By nature, the raw ECG data is non-stationary; that is, there are low-frequency trends in raw ECG data. Therefore, the first step is to remove the low-frequency component [22]. This process is done by applying Fast Fourier Transform (FFT), removing low-frequencies, and restoring the ECG signal by applying Inverse FFT (IFFT).
The second step is to find the local maxima. To do that, apply windowed filter which detects the maximum in its window only and ignores all other values. Only the significant values of the windowed signal should be preserved. To do this, use threshold filter. In order to refine the result and ensure that all the peaks are detected, adjust the filter window size and repeat filtering.

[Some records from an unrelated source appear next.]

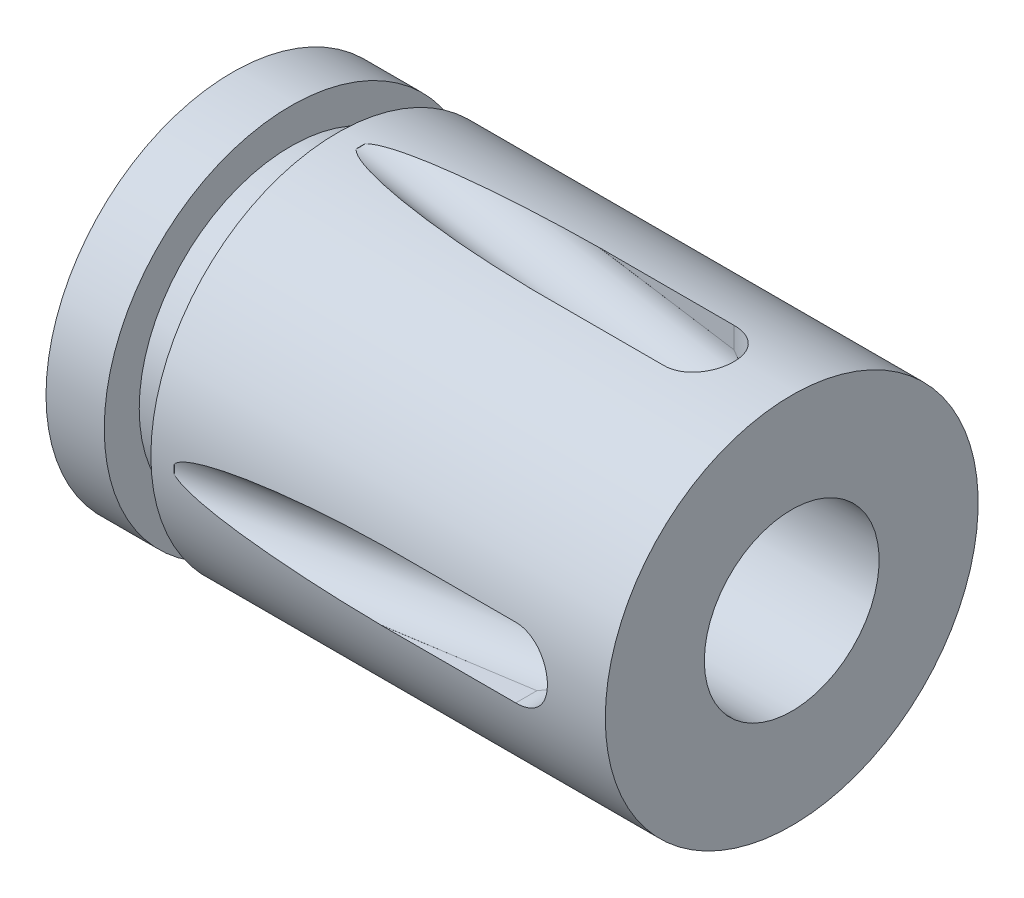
ISO-10303-21;
HEADER;
FILE_DESCRIPTION(('STEP AP214'),'2;1');
FILE_NAME('part.step','',(''),(''),'','','');
FILE_SCHEMA(('AUTOMOTIVE_DESIGN { 1 0 10303 214 1 1 1 1 }'));
ENDSEC;
DATA;
#1=APPLICATION_CONTEXT('core data for automotive mechanical design processes');
#2=APPLICATION_PROTOCOL_DEFINITION('international standard','automotive_design',2000,#1);
#3=PRODUCT_CONTEXT('',#1,'mechanical');
#4=PRODUCT('Part','Part','',(#3));
#5=PRODUCT_RELATED_PRODUCT_CATEGORY('part','',(#4));
#6=PRODUCT_DEFINITION_FORMATION('','',#4);
#7=PRODUCT_DEFINITION_CONTEXT('part definition',#1,'design');
#8=PRODUCT_DEFINITION('design','',#6,#7);
#9=PRODUCT_DEFINITION_SHAPE('','',#8);
#10=(LENGTH_UNIT() NAMED_UNIT(*) SI_UNIT(.MILLI.,.METRE.));
#11=(NAMED_UNIT(*) PLANE_ANGLE_UNIT() SI_UNIT($,.RADIAN.));
#12=(NAMED_UNIT(*) SI_UNIT($,.STERADIAN.) SOLID_ANGLE_UNIT());
#13=UNCERTAINTY_MEASURE_WITH_UNIT(LENGTH_MEASURE(1.E-05),#10,'distance_accuracy_value','');
#14=(GEOMETRIC_REPRESENTATION_CONTEXT(3) GLOBAL_UNCERTAINTY_ASSIGNED_CONTEXT((#13)) GLOBAL_UNIT_ASSIGNED_CONTEXT((#10,
#11,#12)) REPRESENTATION_CONTEXT('',''));
#15=CARTESIAN_POINT('',(0.,0.,0.));
#16=DIRECTION('',(0.,0.,1.));
#17=DIRECTION('',(1.,0.,0.));
#18=AXIS2_PLACEMENT_3D('',#15,#16,#17);
#19=CARTESIAN_POINT('',(-20.0427927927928,0.,0.));
#20=DIRECTION('',(-1.,0.,0.));
#21=DIRECTION('',(0.,0.,1.));
#22=AXIS2_PLACEMENT_3D('',#19,#20,#21);
#23=CYLINDRICAL_SURFACE('',#22,8.);
#24=CARTESIAN_POINT('',(5.49959391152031,-7.99769695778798,0.191946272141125));
#25=CARTESIAN_POINT('',(5.52297376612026,-7.99705854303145,0.218174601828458));
#26=CARTESIAN_POINT('',(5.54850641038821,-7.99636344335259,0.242134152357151));
#27=CARTESIAN_POINT('',(5.60229603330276,-7.99490407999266,0.286413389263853));
#28=CARTESIAN_POINT('',(5.63053265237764,-7.99414033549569,0.306757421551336));
#29=CARTESIAN_POINT('',(5.68813054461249,-7.99258822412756,0.344787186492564));
#30=CARTESIAN_POINT('',(5.71747188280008,-7.99180031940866,0.362504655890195));
#31=CARTESIAN_POINT('',(5.77722614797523,-7.99020179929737,0.396183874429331));
#32=CARTESIAN_POINT('',(5.80764125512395,-7.98939113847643,0.412141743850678));
#33=CARTESIAN_POINT('',(5.89209608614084,-7.98714901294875,0.45405563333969));
#34=CARTESIAN_POINT('',(5.9468344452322,-7.98570554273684,0.478590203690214));
#35=CARTESIAN_POINT('',(6.05755109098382,-7.98280695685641,0.524708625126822));
#36=CARTESIAN_POINT('',(6.11353016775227,-7.98135183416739,0.546290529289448));
#37=CARTESIAN_POINT('',(6.28273138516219,-7.97698658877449,0.607780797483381));
#38=CARTESIAN_POINT('',(6.39714210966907,-7.97407859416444,0.64439949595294));
#39=CARTESIAN_POINT('',(6.62992252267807,-7.96825636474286,0.712787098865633));
#40=CARTESIAN_POINT('',(6.74832507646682,-7.96534325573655,0.744439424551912));
#41=CARTESIAN_POINT('',(6.98604519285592,-7.95959552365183,0.803567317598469));
#42=CARTESIAN_POINT('',(7.10536179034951,-7.95676082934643,0.831046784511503));
#43=CARTESIAN_POINT('',(7.3430440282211,-7.95121753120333,0.882494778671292));
#44=CARTESIAN_POINT('',(7.46140053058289,-7.94850773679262,0.906505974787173));
#45=CARTESIAN_POINT('',(7.6985946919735,-7.94318143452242,0.952045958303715));
#46=CARTESIAN_POINT('',(7.81743237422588,-7.94056493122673,0.973574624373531));
#47=CARTESIAN_POINT('',(8.17453321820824,-7.9328632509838,1.03508682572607));
#48=CARTESIAN_POINT('',(8.41333108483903,-7.92792714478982,1.07198551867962));
#49=CARTESIAN_POINT('',(8.89207991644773,-7.91848256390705,1.13964268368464));
#50=CARTESIAN_POINT('',(9.13203193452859,-7.91397461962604,1.17039359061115));
#51=CARTESIAN_POINT('',(9.61250342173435,-7.905422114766,1.22683125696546));
#52=CARTESIAN_POINT('',(9.8530228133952,-7.90137749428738,1.25251867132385));
#53=CARTESIAN_POINT('',(10.3320436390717,-7.89381609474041,1.29931588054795));
#54=CARTESIAN_POINT('',(10.570540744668,-7.89029436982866,1.32046953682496));
#55=CARTESIAN_POINT('',(11.0478533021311,-7.88375530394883,1.35896265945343));
#56=CARTESIAN_POINT('',(11.2866687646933,-7.88073798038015,1.37630199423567));
#57=CARTESIAN_POINT('',(12.0031739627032,-7.87248384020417,1.42303297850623));
#58=CARTESIAN_POINT('',(12.4812292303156,-7.86803995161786,1.44716668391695));
#59=CARTESIAN_POINT('',(13.1173774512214,-7.86367725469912,1.47058057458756));
#60=CARTESIAN_POINT('',(13.2752741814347,-7.86272137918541,1.4756796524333));
#61=CARTESIAN_POINT('',(13.5911230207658,-7.86107128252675,1.48444607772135));
#62=CARTESIAN_POINT('',(13.7490751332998,-7.86037708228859,1.48811331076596));
#63=CARTESIAN_POINT('',(14.0655770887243,-7.85925665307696,1.49401935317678));
#64=CARTESIAN_POINT('',(14.2241270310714,-7.85883140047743,1.496252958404));
#65=CARTESIAN_POINT('',(14.541228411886,-7.85826151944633,1.49924201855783));
#66=CARTESIAN_POINT('',(14.6997798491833,-7.85811686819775,1.49999759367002));
#67=CARTESIAN_POINT('',(14.858331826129,-7.85811682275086,1.49999999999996));
#68=B_SPLINE_CURVE_WITH_KNOTS('',3,(#24,#25,#26,#27,#28,#29,#30,#31,#32,#33,#34,#35,#36,#37,#38,
#39,#40,#41,#42,#43,#44,#45,#46,#47,#48,#49,#50,#51,#52,#53,#54,#55,#56,#57,#58,#59,#60,#61,#62,
#63,#64,#65,#66,#67),.UNSPECIFIED.,.F.,.F.,(4,2,2,2,2,2,2,2,2,2,2,2,2,2,2,2,2,2,2,2,2,4),(0.,
0.10491860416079,0.209101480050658,0.311899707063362,0.414920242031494,0.594788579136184,
0.774774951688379,1.13499538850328,1.50270051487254,1.87005987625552,2.23242279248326,
2.59480341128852,3.31972727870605,4.04553777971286,4.77125434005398,5.48959683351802,
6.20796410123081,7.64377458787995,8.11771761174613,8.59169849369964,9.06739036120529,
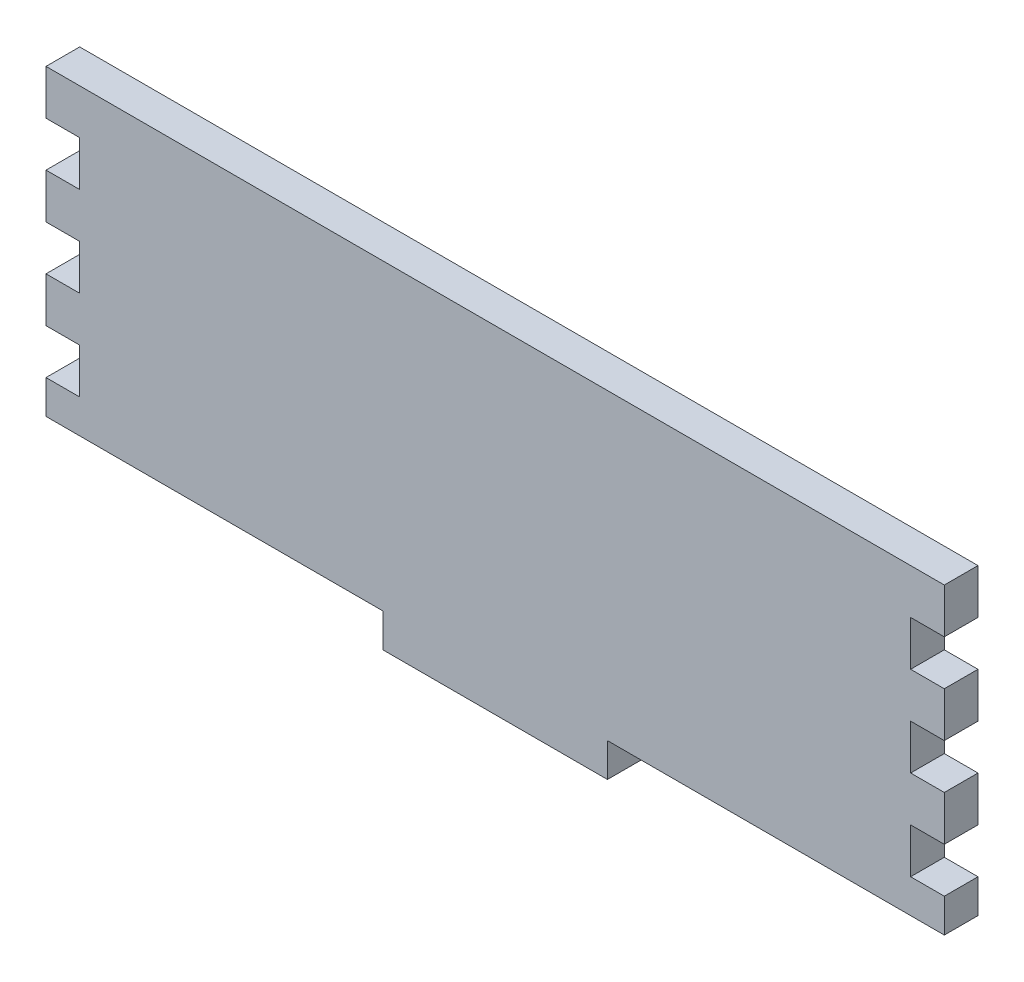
from build123d import *

# Parameters (mm, degrees)
SALIENTE_EXTRUIR1_DEPTH = 15
CROQUIS2_W              = 15
CROQUIS2_H              = 20
CORTAR_EXTRUIR1_DEPTH   = 215.126131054


with BuildPart() as part:
    # Croquis1 → Saliente-Extruir1 (new body)
    with BuildSketch(Plane.XY):
        Polygon((-200, -60), (-50, -60), (-50, -75), (50, -75), (50, -60), (200, -60), (200, 75), (-200, 75), align=None)
    extrude(amount=SALIENTE_EXTRUIR1_DEPTH)

    # Croquis2 → Cortar-Extruir1 (cut, through all)
    with BuildSketch(Plane.XY.offset(15)):
        with Locations((-192.5, 45)):
            Rectangle(CROQUIS2_W, CROQUIS2_H)
        with Locations((-192.5, 5)):
            Rectangle(CROQUIS2_W, CROQUIS2_H)
        with Locations((-192.5, -35)):
            Rectangle(CROQUIS2_W, CROQUIS2_H)
        with Locations((192.5, -35)):
            Rectangle(CROQUIS2_W, CROQUIS2_H)
        with Locations((192.5, 5)):
            Rectangle(CROQUIS2_W, CROQUIS2_H)
        with Locations((192.5, 45)):
            Rectangle(CROQUIS2_W, CROQUIS2_H)
    extrude(amount=-CORTAR_EXTRUIR1_DEPTH, mode=Mode.SUBTRACT)


solid = part.part
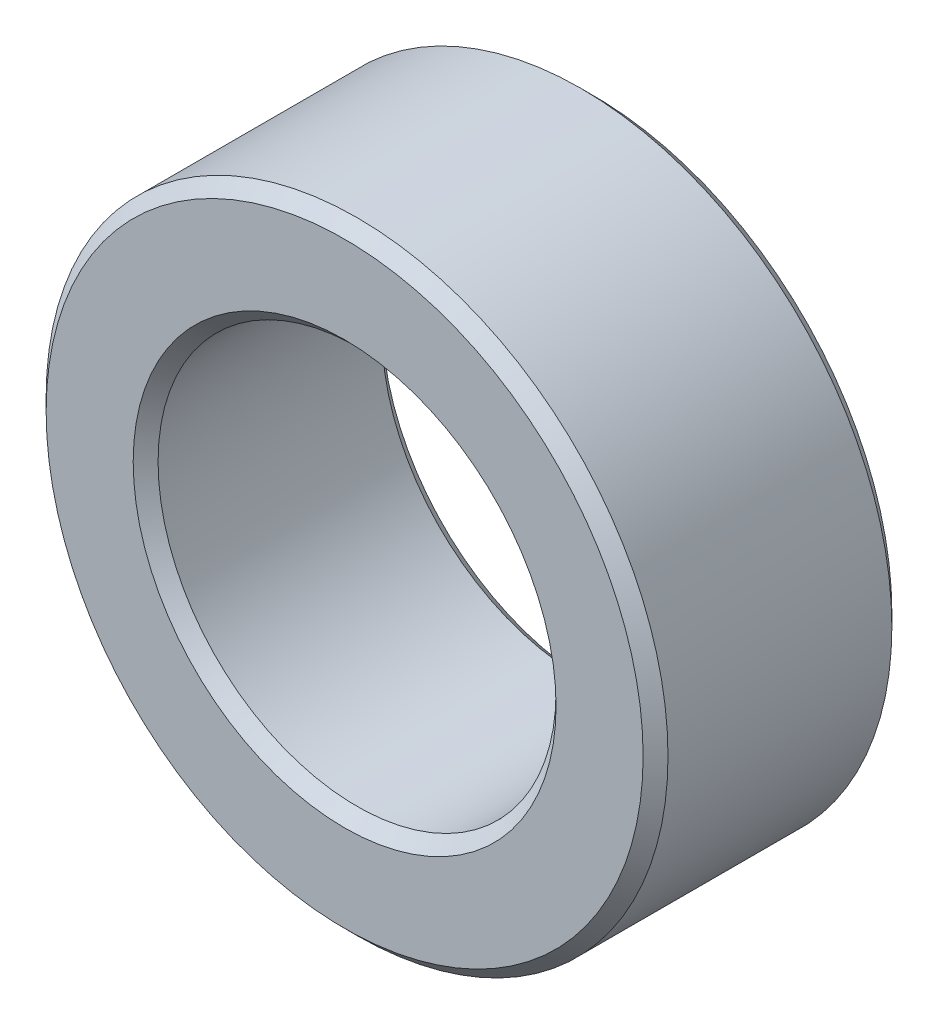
from build123d import *

# Parameters (mm, degrees)
SKETCH1_R           = 5
SKETCH1_R_2         = 3.2
BOSS_EXTRUDE2_DEPTH = 2
CHAMFER3_SIZE       = 0.2


with BuildPart() as part:
    # Sketch1 → Boss-Extrude2 (new, symmetric)
    with BuildSketch(Plane.XY):
        Circle(SKETCH1_R)
        Circle(SKETCH1_R_2, mode=Mode.SUBTRACT)
    extrude(amount=BOSS_EXTRUDE2_DEPTH, both=True)

    # Chamfer3
    chamfer3_edges = [part.edges().sort_by_distance(p)[0] for p in [
        (-5, 0, -2),
        (-5, 0, 2),
        (-3.2, 0, -2),
        (-3.2, 0, 2),
    ]]
    chamfer(chamfer3_edges, length=CHAMFER3_SIZE)


solid = part.part

Using MITDB 100 data, the R-peaks detection and extraction works as expected. The result for R-peaks detection and R-to-R extraction for the first 10 seconds is shown in Figure 2.
In preprocessing, the signal is required to have no ectopic beats, to be stationary, and to be evenly-sampled. Therefore, there are three subprocedures that needs to be done in this step. In order to have the signal with no ectopic beats, two methods are used: ectopic beats detection based on thresholding and ectopic beats correction based on linear interpolation. In order to have stationary signal, the method of detrending based on smoothness prior approach is used.
In order to have an evenly-sampled signal, the method of resampling based on cubic sampling interpolation is used.
Using MITDB 100 data, the preprocessing method works as expected. The step-by-step procedure of preprocessing is shown in Figure 3.
V. CONCLUSION
Due to the repetitive and patterned nature of HRV analysis for the diagnosis of various diseases, their automation has become increasingly prevalent in our lives. In this paper, a new method was proposed for automated diagnosis of various diseases, as explained in Section 3. The first two steps, which are R-to-R extraction and preprocessing, have been successfully implemented with satisfactory results.
VI. FUTURE WORK
There is still a need to explore in detail various alternatives for statistical analysis methods, feature selection methods, multilabel classification methods, and performance measurement methods. After that, these methods would need to be integrated and implemented to form one large system capable of automated diagnosis of various diseases.